Brannigan chortled genially. ‘Makes a change,’ he said. He swapped his feet over and sighed. ‘Lookit, I admit I got it wrong about Eddie’s mutt, but I like to think I know what’s what vis-à-vis and relating to the criminal fraternity and, by inference, the world of crime. Let me give you a brief rundown of what I think, and when I’ve finished you can let me know what you think. See if we can’t meet halfway.’
Hayden knew what he knew. That was as halfway as he was prepared to go. He sat low in his seat and shrugged. The whatever shrug.
‘Good man yourself,’ said Brannigan. ‘Right, so let’s see now. You’re a bit of an oul gag merchant. You’ve had what I believe is called ‘a chequered career’. That Tourist Board ad: the leprechaun suit job. Begod but that was the business entirely. And, so I’m told, you had a biteen part in Father Brown’s Buachaillí. About twelve seconds be the sound of it. Apart from that?’ He spread his hands and switched legs with an ease born of natural indolence. ‘Now here’s my theory on the subject. You like to step up there into the limelight and have folk look at you. Well why not, I suppose. It seems to work for some people.’ His stomach rippled with suppressed mirth. ‘Have you seen that Foetus O’Flaherty gent? He was on the gogglebox last night and by God but that lad is the business entirely. Termonfeckin! Yow!’ He paused to ripple all over. ‘Priceless. You, on the other hand, and not to dwell overlong on human misery, patently fall some way short of that exalted state. No harm in that. I sometimes wonder if I’m in the right job myself. But here’s the exquisite thing. You can’t let go. You crave the spotlight. You don’t get it through the accepted channels, so what do you do? You manufacture a dang fool shaggy dog story with you in the lead role. Centre stage all the way. “I’m after going and killing me geriatric uncle who died of natural causes.” And there you are. Celebrity guaranteed.’

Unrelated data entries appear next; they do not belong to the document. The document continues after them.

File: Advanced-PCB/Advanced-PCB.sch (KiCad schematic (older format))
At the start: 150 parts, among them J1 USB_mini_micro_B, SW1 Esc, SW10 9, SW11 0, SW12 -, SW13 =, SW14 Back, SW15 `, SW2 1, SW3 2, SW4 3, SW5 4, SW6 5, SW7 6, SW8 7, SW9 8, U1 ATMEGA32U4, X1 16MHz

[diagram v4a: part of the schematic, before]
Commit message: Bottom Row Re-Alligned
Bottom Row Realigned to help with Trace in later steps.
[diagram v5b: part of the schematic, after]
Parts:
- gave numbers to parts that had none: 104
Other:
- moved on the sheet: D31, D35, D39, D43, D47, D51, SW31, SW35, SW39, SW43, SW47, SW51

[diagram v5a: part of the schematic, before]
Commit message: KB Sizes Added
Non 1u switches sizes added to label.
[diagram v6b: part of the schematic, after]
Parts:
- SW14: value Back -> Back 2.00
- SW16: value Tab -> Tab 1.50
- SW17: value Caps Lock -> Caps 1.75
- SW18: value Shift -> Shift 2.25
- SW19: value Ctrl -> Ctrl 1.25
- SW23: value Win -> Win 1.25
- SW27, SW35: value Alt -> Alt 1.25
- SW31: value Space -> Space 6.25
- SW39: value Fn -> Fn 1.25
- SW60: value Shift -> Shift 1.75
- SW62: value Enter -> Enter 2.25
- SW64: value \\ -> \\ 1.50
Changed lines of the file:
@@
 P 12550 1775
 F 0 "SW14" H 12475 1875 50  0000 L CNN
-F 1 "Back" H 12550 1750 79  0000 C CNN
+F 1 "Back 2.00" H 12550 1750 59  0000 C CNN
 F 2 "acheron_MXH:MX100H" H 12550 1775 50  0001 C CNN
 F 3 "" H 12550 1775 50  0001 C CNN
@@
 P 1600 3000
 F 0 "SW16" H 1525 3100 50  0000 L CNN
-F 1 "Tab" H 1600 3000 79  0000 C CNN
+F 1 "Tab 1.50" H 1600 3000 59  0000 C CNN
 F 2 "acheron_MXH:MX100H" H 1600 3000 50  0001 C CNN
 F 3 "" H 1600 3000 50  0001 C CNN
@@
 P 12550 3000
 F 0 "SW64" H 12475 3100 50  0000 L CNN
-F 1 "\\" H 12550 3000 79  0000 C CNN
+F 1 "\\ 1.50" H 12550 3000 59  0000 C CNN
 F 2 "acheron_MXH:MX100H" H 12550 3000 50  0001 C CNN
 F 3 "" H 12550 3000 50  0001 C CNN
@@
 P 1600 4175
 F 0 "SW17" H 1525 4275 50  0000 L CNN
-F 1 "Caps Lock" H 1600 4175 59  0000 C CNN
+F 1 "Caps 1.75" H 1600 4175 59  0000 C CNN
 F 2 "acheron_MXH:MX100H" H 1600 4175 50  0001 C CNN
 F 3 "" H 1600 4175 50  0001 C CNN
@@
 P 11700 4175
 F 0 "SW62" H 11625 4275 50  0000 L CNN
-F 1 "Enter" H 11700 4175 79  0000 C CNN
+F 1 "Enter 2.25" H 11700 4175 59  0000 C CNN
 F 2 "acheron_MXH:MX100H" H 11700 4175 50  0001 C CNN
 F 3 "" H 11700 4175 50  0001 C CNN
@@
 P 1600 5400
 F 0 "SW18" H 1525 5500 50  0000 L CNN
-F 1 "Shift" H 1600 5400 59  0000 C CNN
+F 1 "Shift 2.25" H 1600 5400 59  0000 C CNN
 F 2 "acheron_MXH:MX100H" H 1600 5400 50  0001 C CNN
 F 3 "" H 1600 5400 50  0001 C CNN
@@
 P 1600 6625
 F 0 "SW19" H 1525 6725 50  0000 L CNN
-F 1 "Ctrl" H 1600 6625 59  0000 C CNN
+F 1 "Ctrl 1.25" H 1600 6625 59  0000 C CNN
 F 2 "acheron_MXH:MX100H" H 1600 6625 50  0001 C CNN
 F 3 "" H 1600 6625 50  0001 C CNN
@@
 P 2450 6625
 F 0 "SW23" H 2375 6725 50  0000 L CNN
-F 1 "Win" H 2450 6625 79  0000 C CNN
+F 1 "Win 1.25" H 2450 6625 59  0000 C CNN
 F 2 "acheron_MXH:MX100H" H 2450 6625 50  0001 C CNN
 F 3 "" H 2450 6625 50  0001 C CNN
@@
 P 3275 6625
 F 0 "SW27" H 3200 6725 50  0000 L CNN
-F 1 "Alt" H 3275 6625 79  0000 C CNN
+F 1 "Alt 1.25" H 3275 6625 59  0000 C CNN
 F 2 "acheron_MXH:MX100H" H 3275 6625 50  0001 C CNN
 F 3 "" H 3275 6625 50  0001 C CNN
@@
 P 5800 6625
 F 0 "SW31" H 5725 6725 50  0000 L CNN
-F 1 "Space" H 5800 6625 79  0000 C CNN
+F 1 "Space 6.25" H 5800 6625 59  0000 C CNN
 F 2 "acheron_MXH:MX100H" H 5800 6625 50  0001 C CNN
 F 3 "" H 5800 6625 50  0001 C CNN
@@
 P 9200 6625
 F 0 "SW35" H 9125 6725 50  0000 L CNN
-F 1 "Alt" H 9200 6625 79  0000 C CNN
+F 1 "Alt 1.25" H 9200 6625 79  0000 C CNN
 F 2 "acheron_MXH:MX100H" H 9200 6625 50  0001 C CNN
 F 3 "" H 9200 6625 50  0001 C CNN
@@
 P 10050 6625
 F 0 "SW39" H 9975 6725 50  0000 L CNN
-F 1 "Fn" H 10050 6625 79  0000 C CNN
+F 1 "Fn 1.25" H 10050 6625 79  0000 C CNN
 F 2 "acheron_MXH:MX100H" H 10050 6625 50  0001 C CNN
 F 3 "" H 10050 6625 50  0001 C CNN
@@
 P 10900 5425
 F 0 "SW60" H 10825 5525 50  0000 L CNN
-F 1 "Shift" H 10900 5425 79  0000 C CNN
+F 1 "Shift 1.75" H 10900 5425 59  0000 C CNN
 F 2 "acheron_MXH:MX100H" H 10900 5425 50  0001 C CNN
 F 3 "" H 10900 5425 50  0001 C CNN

Hayden felt the need to interject at this point. ‘Father,’ he said. ‘Turns out Eddie was my da.’
Brannigan pushed his chair back in mock disbelief. ‘See? Uncle isn’t good enough for him. Oh no. Let’s up the ante here. It has to be his daddy.’ He leaned forward, ham fists bunched in front of him. ‘Will you stop it now this minyute, because I’m here to tell you that one fantasist in the vicinity is more than enough for this particular DI. So damp down the ego there, sonny, and stop wasting –’ The door opened abruptly. ‘What is, sergeant? Can’t you see I’m – well?’
The sergeant shuffled over and whispered in Brannigan’s ear, his eye trained on Hayden to make sure he wasn’t reading his lips. This was serious.
‘Do you tell me so?’ said Brannigan. ‘Is that a fact?’ He sank down in his chair. ‘Well now.’ He sighed heavily and pressed his hands to his forehead. ‘Pascal O’Dea’s mammy,’ he said, his voice somehow smaller, more vulnerable. ‘Propped up in bed with a hatchet through her skull. Well now indeed.’ The sergeant leaned over again. Brannigan stared into the distance, a look of inexpressible sorrow on his big, round face. ‘Do you tell me so? Madden’s, is it? Is there no end to the man’s gall? I suppose he’ll be buying the mammy’s tea as if she’s waiting at the half-door with a sweet maternal smile, the blackguard.’ He stood up, suddenly resolute. ‘Get the Special Branch round to Madden’s. Every available shooter. We’re going in.’
The sergeant hurried from the room. Lou Brannigan sat down again, suddenly deflated. ‘His mammy,’ he whispered, as if for his own ears only. ‘Is there no limit to man’s depravity? Or are we poised on the cusp of a new dark age?’
Hayden said nothing. There was nothing he could say. He felt as one who intrudes on private grief.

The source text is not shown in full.